Prompt:
Retype, exactly as they appear below, the lines between the line holding "Fork4MaxSpd2A : Simulink.Parameter" and the line holding "MaiLineSolnLineI : Simulink.Parameter", both ends included.

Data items
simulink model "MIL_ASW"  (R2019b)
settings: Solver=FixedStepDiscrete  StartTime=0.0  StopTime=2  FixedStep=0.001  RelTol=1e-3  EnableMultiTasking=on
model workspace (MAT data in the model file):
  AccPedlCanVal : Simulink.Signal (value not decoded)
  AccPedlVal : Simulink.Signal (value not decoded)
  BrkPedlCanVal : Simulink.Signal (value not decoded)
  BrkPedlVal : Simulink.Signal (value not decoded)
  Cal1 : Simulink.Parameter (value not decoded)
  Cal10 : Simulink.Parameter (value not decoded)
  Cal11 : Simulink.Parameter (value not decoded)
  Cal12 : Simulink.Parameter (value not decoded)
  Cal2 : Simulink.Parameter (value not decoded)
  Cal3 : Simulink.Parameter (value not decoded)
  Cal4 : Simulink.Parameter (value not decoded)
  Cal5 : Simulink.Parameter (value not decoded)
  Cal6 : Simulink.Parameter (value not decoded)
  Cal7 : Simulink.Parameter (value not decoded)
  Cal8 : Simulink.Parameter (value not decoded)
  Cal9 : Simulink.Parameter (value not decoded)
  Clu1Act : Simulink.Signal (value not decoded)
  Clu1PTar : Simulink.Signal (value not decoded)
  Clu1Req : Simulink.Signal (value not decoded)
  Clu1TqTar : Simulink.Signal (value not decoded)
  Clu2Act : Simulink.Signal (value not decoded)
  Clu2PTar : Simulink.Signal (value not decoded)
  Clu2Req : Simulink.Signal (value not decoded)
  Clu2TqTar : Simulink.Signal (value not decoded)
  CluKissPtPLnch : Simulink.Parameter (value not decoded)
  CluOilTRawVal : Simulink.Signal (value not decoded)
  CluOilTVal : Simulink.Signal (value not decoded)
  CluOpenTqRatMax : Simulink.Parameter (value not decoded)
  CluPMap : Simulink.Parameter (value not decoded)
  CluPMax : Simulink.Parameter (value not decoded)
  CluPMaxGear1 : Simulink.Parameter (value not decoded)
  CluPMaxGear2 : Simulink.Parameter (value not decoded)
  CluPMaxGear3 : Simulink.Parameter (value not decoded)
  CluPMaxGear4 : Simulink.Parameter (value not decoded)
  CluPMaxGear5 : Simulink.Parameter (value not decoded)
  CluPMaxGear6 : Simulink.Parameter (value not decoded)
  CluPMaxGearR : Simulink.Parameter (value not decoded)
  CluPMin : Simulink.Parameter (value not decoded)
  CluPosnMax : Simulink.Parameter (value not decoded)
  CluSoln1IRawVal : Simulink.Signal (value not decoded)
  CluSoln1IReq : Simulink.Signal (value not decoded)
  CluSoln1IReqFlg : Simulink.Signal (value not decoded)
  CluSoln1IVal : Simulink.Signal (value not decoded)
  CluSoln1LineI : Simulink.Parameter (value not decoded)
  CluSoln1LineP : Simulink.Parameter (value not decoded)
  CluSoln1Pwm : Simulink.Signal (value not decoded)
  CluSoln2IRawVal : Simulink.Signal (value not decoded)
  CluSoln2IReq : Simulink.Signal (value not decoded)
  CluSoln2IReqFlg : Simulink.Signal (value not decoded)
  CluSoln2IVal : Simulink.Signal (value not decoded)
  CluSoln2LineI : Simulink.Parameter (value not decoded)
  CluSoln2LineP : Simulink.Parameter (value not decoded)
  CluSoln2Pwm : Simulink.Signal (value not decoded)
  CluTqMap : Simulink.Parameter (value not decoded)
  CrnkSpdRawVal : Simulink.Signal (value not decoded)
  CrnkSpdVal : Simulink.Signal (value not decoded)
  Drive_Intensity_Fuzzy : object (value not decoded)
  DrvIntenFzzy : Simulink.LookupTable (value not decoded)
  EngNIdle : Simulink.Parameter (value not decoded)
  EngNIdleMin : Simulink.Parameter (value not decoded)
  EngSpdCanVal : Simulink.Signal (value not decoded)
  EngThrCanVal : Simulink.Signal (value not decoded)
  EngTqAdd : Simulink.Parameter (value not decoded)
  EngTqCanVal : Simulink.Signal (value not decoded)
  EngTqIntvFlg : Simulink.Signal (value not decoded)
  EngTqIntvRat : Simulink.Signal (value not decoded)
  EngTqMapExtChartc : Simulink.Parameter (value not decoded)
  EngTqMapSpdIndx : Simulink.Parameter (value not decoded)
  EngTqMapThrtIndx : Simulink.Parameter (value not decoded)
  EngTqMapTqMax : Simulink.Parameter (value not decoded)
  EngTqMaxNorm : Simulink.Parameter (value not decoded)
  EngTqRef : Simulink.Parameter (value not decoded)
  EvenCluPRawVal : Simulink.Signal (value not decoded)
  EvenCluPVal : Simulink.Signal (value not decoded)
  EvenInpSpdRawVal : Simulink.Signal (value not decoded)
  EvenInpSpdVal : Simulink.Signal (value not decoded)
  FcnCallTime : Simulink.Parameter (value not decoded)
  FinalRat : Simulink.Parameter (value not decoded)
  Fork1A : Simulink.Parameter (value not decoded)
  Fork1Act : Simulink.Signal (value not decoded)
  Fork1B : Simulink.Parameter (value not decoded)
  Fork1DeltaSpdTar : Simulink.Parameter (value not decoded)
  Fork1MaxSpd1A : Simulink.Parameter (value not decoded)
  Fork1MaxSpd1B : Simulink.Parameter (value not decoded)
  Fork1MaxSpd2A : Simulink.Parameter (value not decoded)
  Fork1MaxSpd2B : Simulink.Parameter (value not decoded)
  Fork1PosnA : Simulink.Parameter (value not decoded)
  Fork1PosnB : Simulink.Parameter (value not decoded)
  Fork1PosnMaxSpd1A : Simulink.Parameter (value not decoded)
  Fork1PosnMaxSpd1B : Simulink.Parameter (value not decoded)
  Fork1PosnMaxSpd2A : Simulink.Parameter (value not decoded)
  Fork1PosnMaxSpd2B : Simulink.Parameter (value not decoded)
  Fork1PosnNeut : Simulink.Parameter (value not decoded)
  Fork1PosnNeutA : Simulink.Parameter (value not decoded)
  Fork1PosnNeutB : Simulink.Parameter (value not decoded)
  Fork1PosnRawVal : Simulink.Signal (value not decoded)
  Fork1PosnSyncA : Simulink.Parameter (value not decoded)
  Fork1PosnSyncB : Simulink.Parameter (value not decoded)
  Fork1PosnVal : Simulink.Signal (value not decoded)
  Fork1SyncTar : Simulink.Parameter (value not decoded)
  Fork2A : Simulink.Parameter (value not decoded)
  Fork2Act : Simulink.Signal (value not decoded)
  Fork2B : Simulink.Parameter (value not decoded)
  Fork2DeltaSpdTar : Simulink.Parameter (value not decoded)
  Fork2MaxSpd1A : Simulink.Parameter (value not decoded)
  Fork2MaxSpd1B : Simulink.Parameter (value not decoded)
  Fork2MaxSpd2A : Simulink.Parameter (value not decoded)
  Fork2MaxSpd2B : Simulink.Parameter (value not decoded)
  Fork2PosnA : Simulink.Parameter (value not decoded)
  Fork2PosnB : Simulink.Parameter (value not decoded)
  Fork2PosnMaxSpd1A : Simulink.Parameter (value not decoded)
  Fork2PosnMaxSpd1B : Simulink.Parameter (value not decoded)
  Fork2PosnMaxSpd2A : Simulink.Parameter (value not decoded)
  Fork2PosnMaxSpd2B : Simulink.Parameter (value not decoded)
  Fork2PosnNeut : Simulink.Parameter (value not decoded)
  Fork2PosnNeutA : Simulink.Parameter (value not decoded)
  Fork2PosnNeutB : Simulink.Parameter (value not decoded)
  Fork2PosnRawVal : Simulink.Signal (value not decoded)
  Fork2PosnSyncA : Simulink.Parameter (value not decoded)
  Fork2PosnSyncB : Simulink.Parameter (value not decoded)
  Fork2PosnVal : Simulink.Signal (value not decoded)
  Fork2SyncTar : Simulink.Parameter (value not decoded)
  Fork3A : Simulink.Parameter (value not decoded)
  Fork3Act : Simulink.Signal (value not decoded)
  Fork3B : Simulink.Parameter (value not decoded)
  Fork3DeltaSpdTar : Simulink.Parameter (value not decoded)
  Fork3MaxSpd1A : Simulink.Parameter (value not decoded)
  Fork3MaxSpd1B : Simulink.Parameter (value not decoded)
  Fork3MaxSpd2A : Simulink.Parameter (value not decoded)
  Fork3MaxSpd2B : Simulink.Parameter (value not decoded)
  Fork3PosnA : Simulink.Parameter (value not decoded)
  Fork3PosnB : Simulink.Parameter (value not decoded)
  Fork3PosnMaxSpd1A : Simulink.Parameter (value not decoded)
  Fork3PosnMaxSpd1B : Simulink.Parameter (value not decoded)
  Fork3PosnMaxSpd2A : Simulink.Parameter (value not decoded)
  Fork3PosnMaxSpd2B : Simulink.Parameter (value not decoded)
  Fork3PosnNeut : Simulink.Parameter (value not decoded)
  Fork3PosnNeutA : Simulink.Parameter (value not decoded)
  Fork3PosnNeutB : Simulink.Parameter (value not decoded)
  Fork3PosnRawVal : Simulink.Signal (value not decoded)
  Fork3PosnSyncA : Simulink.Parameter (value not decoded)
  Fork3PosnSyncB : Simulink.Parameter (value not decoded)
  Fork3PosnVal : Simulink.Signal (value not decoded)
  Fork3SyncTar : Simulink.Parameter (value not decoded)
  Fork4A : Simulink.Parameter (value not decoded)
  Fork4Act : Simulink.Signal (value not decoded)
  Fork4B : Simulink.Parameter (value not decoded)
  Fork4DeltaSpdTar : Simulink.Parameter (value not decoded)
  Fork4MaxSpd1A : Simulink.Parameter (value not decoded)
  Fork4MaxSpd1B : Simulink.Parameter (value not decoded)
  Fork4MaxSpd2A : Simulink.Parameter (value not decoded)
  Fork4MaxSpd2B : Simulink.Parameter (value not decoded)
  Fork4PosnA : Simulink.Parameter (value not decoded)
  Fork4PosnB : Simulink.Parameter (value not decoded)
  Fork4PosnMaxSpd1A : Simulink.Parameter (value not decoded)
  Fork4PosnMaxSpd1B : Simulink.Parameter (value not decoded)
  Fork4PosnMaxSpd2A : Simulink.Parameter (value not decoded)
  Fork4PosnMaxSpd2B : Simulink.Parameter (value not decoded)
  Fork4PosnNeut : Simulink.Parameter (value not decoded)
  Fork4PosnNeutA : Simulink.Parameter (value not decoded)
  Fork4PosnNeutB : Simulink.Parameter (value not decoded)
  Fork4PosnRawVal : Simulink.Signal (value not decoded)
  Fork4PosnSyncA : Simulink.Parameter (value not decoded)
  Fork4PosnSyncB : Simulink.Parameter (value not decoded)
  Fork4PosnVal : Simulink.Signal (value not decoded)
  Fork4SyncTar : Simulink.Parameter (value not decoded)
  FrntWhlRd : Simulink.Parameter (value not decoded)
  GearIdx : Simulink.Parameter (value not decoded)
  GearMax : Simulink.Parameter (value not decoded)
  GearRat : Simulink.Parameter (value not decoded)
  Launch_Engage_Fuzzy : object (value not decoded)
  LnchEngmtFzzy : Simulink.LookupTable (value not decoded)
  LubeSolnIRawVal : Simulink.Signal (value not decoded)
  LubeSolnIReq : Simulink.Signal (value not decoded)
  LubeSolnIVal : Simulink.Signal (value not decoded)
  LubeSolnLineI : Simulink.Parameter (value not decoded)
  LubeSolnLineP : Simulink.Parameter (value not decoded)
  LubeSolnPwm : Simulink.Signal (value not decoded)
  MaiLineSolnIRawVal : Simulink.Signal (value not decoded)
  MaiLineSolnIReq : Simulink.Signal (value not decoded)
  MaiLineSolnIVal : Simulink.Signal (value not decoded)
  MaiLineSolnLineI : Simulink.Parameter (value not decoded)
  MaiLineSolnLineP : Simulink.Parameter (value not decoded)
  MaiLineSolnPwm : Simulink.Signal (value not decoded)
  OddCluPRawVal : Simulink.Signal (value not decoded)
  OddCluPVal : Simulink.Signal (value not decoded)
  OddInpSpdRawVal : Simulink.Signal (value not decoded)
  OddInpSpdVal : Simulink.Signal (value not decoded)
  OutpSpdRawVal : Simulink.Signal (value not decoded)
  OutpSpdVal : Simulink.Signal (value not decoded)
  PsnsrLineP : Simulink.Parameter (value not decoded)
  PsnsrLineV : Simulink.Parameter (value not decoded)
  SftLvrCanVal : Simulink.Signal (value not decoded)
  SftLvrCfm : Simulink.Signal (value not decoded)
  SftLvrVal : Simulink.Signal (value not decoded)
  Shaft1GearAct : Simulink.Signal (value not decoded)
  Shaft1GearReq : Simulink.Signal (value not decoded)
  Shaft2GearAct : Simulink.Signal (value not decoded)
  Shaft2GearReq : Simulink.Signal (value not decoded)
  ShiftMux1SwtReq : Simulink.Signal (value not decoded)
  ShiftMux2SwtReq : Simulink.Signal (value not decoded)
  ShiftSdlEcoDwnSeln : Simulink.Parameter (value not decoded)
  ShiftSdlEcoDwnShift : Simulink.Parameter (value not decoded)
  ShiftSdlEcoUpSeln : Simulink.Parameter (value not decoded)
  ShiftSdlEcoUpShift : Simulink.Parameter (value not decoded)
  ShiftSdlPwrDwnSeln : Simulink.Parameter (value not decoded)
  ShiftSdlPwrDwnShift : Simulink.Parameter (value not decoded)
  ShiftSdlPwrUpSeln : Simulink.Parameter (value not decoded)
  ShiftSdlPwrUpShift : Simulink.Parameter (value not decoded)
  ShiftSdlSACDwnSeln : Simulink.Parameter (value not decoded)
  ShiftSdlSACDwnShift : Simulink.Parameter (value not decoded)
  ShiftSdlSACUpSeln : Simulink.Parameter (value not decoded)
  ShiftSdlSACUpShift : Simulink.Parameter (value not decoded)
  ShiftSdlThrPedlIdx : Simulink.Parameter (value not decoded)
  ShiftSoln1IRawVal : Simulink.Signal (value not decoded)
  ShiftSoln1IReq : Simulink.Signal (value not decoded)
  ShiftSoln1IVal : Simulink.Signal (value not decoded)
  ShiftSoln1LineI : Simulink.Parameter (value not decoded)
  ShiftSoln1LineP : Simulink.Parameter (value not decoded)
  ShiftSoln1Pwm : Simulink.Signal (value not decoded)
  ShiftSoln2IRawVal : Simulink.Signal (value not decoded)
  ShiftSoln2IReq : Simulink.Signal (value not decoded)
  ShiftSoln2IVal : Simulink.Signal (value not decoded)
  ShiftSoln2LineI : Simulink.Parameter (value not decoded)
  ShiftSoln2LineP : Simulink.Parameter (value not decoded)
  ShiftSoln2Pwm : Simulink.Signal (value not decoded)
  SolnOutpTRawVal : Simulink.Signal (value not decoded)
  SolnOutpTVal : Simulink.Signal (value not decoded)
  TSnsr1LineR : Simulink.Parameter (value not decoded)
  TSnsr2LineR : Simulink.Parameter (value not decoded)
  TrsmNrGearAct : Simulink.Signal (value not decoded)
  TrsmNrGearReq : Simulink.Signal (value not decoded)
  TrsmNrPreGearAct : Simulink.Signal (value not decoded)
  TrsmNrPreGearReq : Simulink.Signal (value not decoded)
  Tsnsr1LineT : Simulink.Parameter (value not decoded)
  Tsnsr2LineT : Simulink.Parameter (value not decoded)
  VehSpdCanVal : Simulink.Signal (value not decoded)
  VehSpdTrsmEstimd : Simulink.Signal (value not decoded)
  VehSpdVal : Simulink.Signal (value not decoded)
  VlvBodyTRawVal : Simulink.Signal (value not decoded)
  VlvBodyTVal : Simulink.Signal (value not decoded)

Written response:
  Fork4MaxSpd2A : Simulink.Parameter (value not decoded)
  Fork4MaxSpd2B : Simulink.Parameter (value not decoded)
  Fork4PosnA : Simulink.Parameter (value not decoded)
  Fork4PosnB : Simulink.Parameter (value not decoded)
  Fork4PosnMaxSpd1A : Simulink.Parameter (value not decoded)
  Fork4PosnMaxSpd1B : Simulink.Parameter (value not decoded)
  Fork4PosnMaxSpd2A : Simulink.Parameter (value not decoded)
  Fork4PosnMaxSpd2B : Simulink.Parameter (value not decoded)
  Fork4PosnNeut : Simulink.Parameter (value not decoded)
  Fork4PosnNeutA : Simulink.Parameter (value not decoded)
  Fork4PosnNeutB : Simulink.Parameter (value not decoded)
  Fork4PosnRawVal : Simulink.Signal (value not decoded)
  Fork4PosnSyncA : Simulink.Parameter (value not decoded)
  Fork4PosnSyncB : Simulink.Parameter (value not decoded)
  Fork4PosnVal : Simulink.Signal (value not decoded)
  Fork4SyncTar : Simulink.Parameter (value not decoded)
  FrntWhlRd : Simulink.Parameter (value not decoded)
  GearIdx : Simulink.Parameter (value not decoded)
  GearMax : Simulink.Parameter (value not decoded)
  GearRat : Simulink.Parameter (value not decoded)
  Launch_Engage_Fuzzy : object (value not decoded)
  LnchEngmtFzzy : Simulink.LookupTable (value not decoded)
  LubeSolnIRawVal : Simulink.Signal (value not decoded)
  LubeSolnIReq : Simulink.Signal (value not decoded)
  LubeSolnIVal : Simulink.Signal (value not decoded)
  LubeSolnLineI : Simulink.Parameter (value not decoded)
  LubeSolnLineP : Simulink.Parameter (value not decoded)
  LubeSolnPwm : Simulink.Signal (value not decoded)
  MaiLineSolnIRawVal : Simulink.Signal (value not decoded)
  MaiLineSolnIReq : Simulink.Signal (value not decoded)
  MaiLineSolnIVal : Simulink.Signal (value not decoded)
  MaiLineSolnLineI : Simulink.Parameter (value not decoded)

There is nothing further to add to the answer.